▶ **Data to examine**
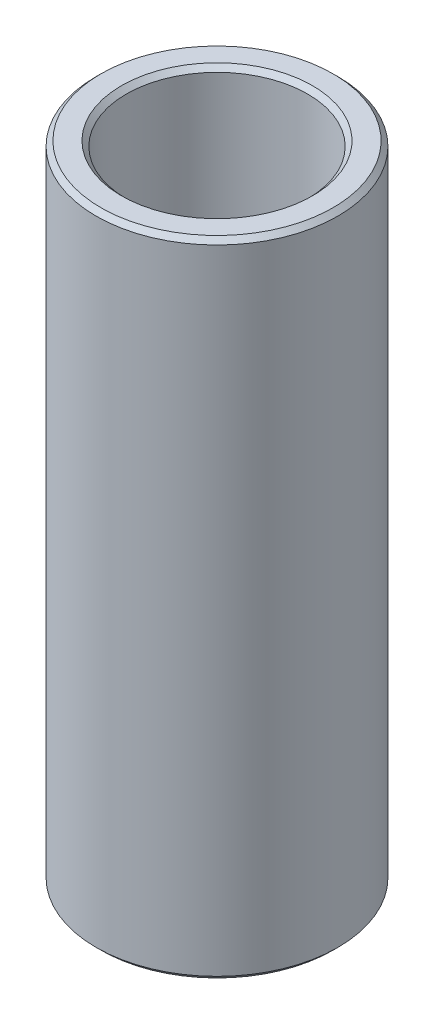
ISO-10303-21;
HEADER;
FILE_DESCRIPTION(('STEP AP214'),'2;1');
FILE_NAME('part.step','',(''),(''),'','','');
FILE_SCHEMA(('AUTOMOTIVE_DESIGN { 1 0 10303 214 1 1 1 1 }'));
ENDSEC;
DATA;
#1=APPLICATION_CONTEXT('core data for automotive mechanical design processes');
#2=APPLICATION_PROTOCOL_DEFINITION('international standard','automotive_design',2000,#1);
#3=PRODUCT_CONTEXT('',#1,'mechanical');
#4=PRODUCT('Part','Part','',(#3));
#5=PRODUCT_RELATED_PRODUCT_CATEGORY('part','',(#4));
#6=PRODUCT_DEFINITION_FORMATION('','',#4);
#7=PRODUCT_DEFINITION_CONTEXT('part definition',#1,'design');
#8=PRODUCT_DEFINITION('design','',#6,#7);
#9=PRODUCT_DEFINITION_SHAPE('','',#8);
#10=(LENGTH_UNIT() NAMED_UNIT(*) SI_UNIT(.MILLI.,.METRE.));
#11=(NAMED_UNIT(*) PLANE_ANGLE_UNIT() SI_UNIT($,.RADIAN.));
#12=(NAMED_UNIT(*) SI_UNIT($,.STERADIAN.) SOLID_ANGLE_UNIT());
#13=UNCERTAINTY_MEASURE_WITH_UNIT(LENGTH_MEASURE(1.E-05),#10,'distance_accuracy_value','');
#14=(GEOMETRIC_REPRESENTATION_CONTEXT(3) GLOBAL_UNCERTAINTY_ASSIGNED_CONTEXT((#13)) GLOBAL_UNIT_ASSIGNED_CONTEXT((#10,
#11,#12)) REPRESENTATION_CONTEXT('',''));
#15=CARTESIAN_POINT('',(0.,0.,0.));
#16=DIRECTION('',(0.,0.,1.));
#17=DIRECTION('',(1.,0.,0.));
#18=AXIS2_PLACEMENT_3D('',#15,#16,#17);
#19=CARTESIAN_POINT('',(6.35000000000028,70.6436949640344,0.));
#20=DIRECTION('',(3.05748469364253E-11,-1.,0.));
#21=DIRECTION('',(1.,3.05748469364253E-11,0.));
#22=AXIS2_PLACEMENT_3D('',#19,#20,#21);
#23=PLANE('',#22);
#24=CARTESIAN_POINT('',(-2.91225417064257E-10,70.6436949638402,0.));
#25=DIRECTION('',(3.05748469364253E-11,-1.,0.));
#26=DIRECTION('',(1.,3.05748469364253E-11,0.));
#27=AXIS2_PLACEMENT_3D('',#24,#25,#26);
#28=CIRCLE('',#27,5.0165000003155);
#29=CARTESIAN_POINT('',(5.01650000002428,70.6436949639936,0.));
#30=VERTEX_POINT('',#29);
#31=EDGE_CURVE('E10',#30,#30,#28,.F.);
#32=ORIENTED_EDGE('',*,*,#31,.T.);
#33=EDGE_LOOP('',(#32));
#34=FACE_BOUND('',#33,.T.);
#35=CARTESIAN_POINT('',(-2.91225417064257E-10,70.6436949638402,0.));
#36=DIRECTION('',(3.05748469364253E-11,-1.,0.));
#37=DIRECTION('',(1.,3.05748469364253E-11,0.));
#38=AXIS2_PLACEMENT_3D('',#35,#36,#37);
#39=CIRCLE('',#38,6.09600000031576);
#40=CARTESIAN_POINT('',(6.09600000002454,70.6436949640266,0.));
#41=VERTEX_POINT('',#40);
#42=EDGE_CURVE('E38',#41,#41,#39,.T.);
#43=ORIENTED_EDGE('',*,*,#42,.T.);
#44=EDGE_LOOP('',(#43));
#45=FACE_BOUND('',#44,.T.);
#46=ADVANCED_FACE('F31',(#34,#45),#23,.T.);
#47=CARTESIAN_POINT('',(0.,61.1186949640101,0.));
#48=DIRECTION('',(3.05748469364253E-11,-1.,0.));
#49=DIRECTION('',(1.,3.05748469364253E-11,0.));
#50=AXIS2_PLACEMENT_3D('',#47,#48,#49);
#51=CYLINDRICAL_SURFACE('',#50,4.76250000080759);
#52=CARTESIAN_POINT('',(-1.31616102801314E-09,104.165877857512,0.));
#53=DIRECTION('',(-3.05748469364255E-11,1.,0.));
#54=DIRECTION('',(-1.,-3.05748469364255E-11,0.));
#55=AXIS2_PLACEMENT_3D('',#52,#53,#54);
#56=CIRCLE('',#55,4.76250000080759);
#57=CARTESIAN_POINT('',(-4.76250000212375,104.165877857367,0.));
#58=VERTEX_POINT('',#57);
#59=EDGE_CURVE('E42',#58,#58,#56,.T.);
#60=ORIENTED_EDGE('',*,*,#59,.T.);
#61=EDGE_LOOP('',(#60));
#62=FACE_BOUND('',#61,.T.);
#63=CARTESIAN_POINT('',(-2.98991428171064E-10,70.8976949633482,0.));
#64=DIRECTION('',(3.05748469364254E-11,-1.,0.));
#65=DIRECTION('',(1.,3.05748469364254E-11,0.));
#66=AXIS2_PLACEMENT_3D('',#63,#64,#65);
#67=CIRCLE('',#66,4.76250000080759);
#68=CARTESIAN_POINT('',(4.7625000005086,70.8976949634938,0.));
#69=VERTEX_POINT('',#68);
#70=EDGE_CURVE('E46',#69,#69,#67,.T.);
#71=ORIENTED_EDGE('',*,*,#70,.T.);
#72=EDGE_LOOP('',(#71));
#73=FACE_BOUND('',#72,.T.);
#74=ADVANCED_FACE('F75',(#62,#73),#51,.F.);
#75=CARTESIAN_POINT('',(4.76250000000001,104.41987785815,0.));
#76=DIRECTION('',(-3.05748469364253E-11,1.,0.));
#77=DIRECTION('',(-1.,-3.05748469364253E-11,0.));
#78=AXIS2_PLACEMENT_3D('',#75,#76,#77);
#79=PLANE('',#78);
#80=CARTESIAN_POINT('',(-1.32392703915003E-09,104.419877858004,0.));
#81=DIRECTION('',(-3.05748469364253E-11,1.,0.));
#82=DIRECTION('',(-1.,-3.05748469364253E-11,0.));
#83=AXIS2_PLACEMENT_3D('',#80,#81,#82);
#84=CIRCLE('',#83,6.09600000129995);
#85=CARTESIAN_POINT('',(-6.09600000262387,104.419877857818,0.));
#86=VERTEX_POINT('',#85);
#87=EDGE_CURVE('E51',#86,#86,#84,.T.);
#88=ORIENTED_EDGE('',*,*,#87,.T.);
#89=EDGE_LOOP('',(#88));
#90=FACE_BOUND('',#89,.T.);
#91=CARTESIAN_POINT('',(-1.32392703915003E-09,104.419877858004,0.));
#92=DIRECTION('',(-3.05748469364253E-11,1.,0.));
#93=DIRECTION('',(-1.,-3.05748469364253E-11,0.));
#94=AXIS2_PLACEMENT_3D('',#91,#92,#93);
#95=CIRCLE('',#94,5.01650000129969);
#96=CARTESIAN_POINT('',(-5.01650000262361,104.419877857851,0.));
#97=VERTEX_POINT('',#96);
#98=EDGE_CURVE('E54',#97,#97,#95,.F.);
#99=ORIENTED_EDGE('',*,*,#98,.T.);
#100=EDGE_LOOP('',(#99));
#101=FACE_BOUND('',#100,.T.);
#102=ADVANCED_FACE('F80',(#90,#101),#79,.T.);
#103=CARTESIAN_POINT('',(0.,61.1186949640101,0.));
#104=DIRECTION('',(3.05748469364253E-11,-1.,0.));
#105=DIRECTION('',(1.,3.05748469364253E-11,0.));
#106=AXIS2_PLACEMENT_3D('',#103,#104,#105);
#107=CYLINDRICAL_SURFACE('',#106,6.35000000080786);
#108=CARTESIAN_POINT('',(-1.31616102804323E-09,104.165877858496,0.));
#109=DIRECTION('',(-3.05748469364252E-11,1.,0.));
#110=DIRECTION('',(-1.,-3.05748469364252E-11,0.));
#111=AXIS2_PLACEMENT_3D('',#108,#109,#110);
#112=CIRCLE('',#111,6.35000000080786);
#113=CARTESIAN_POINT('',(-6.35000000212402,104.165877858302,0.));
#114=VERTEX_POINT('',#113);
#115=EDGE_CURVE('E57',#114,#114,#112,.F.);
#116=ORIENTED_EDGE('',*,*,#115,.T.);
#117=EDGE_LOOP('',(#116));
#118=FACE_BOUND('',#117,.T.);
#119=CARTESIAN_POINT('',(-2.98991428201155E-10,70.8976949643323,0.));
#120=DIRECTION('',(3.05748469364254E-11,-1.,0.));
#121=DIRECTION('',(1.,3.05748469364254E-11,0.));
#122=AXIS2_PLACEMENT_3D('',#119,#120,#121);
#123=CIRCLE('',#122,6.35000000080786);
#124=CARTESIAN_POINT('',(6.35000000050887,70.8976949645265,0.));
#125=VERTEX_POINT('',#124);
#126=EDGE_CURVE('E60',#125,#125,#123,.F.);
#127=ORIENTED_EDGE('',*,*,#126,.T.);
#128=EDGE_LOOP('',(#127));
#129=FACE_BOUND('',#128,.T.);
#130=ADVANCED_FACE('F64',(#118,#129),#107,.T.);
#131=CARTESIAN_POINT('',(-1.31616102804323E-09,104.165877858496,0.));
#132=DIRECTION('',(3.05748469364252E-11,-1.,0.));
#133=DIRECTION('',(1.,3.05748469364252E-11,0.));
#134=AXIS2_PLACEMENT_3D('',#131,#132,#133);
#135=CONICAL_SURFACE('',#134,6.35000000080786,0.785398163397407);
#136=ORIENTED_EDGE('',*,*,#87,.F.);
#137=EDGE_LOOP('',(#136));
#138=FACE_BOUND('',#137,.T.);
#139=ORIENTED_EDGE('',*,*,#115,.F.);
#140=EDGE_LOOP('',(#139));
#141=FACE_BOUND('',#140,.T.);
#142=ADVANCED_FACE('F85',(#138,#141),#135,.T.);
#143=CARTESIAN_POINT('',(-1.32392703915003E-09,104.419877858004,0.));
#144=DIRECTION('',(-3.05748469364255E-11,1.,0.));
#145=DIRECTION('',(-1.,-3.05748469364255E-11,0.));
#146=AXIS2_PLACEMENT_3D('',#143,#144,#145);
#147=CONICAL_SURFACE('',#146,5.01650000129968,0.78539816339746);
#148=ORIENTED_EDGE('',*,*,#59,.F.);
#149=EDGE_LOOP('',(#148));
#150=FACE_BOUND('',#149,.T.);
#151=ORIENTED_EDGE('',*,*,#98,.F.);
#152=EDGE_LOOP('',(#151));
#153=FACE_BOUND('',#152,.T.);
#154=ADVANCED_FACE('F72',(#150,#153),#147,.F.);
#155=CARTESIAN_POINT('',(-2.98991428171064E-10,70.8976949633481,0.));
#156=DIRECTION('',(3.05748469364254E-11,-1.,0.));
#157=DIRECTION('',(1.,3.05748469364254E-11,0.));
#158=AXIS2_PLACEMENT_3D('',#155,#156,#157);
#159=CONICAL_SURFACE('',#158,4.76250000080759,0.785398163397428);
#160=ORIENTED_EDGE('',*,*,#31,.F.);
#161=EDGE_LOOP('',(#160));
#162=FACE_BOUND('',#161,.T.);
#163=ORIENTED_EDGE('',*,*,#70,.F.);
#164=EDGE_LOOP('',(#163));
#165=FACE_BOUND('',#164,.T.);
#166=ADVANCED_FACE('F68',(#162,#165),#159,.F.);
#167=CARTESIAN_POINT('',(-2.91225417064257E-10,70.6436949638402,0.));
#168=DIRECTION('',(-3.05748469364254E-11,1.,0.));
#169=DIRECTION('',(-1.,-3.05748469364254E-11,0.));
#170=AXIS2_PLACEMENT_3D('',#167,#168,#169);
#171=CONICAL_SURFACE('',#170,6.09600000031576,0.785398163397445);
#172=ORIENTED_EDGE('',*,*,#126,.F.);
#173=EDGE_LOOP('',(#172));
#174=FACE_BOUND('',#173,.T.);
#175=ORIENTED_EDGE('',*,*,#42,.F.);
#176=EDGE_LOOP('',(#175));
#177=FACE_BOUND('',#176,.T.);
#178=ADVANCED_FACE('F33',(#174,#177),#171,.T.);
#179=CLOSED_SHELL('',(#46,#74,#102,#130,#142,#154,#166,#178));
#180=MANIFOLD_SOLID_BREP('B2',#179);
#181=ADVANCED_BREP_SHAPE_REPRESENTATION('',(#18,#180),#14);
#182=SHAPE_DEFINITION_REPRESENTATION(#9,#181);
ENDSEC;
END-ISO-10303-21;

▶ **Requirement**
The line containing "#29=CARTESIAN_POINT('',(5.01650000002428,70.6436949639936,0.));" marks the end: transcribe every line from the start of the listing up to and including it, minus the pictures.

▶ **Problem solution**
ISO-10303-21;
HEADER;
FILE_DESCRIPTION(('STEP AP214'),'2;1');
FILE_NAME('part.step','',(''),(''),'','','');
FILE_SCHEMA(('AUTOMOTIVE_DESIGN { 1 0 10303 214 1 1 1 1 }'));
ENDSEC;
DATA;
#1=APPLICATION_CONTEXT('core data for automotive mechanical design processes');
#2=APPLICATION_PROTOCOL_DEFINITION('international standard','automotive_design',2000,#1);
#3=PRODUCT_CONTEXT('',#1,'mechanical');
#4=PRODUCT('Part','Part','',(#3));
#5=PRODUCT_RELATED_PRODUCT_CATEGORY('part','',(#4));
#6=PRODUCT_DEFINITION_FORMATION('','',#4);
#7=PRODUCT_DEFINITION_CONTEXT('part definition',#1,'design');
#8=PRODUCT_DEFINITION('design','',#6,#7);
#9=PRODUCT_DEFINITION_SHAPE('','',#8);
#10=(LENGTH_UNIT() NAMED_UNIT(*) SI_UNIT(.MILLI.,.METRE.));
#11=(NAMED_UNIT(*) PLANE_ANGLE_UNIT() SI_UNIT($,.RADIAN.));
#12=(NAMED_UNIT(*) SI_UNIT($,.STERADIAN.) SOLID_ANGLE_UNIT());
#13=UNCERTAINTY_MEASURE_WITH_UNIT(LENGTH_MEASURE(1.E-05),#10,'distance_accuracy_value','');
#14=(GEOMETRIC_REPRESENTATION_CONTEXT(3) GLOBAL_UNCERTAINTY_ASSIGNED_CONTEXT((#13)) GLOBAL_UNIT_ASSIGNED_CONTEXT((#10,
#11,#12)) REPRESENTATION_CONTEXT('',''));
#15=CARTESIAN_POINT('',(0.,0.,0.));
#16=DIRECTION('',(0.,0.,1.));
#17=DIRECTION('',(1.,0.,0.));
#18=AXIS2_PLACEMENT_3D('',#15,#16,#17);
#19=CARTESIAN_POINT('',(6.35000000000028,70.6436949640344,0.));
#20=DIRECTION('',(3.05748469364253E-11,-1.,0.));
#21=DIRECTION('',(1.,3.05748469364253E-11,0.));
#22=AXIS2_PLACEMENT_3D('',#19,#20,#21);
#23=PLANE('',#22);
#24=CARTESIAN_POINT('',(-2.91225417064257E-10,70.6436949638402,0.));
#25=DIRECTION('',(3.05748469364253E-11,-1.,0.));
#26=DIRECTION('',(1.,3.05748469364253E-11,0.));
#27=AXIS2_PLACEMENT_3D('',#24,#25,#26);
#28=CIRCLE('',#27,5.0165000003155);
#29=CARTESIAN_POINT('',(5.01650000002428,70.6436949639936,0.));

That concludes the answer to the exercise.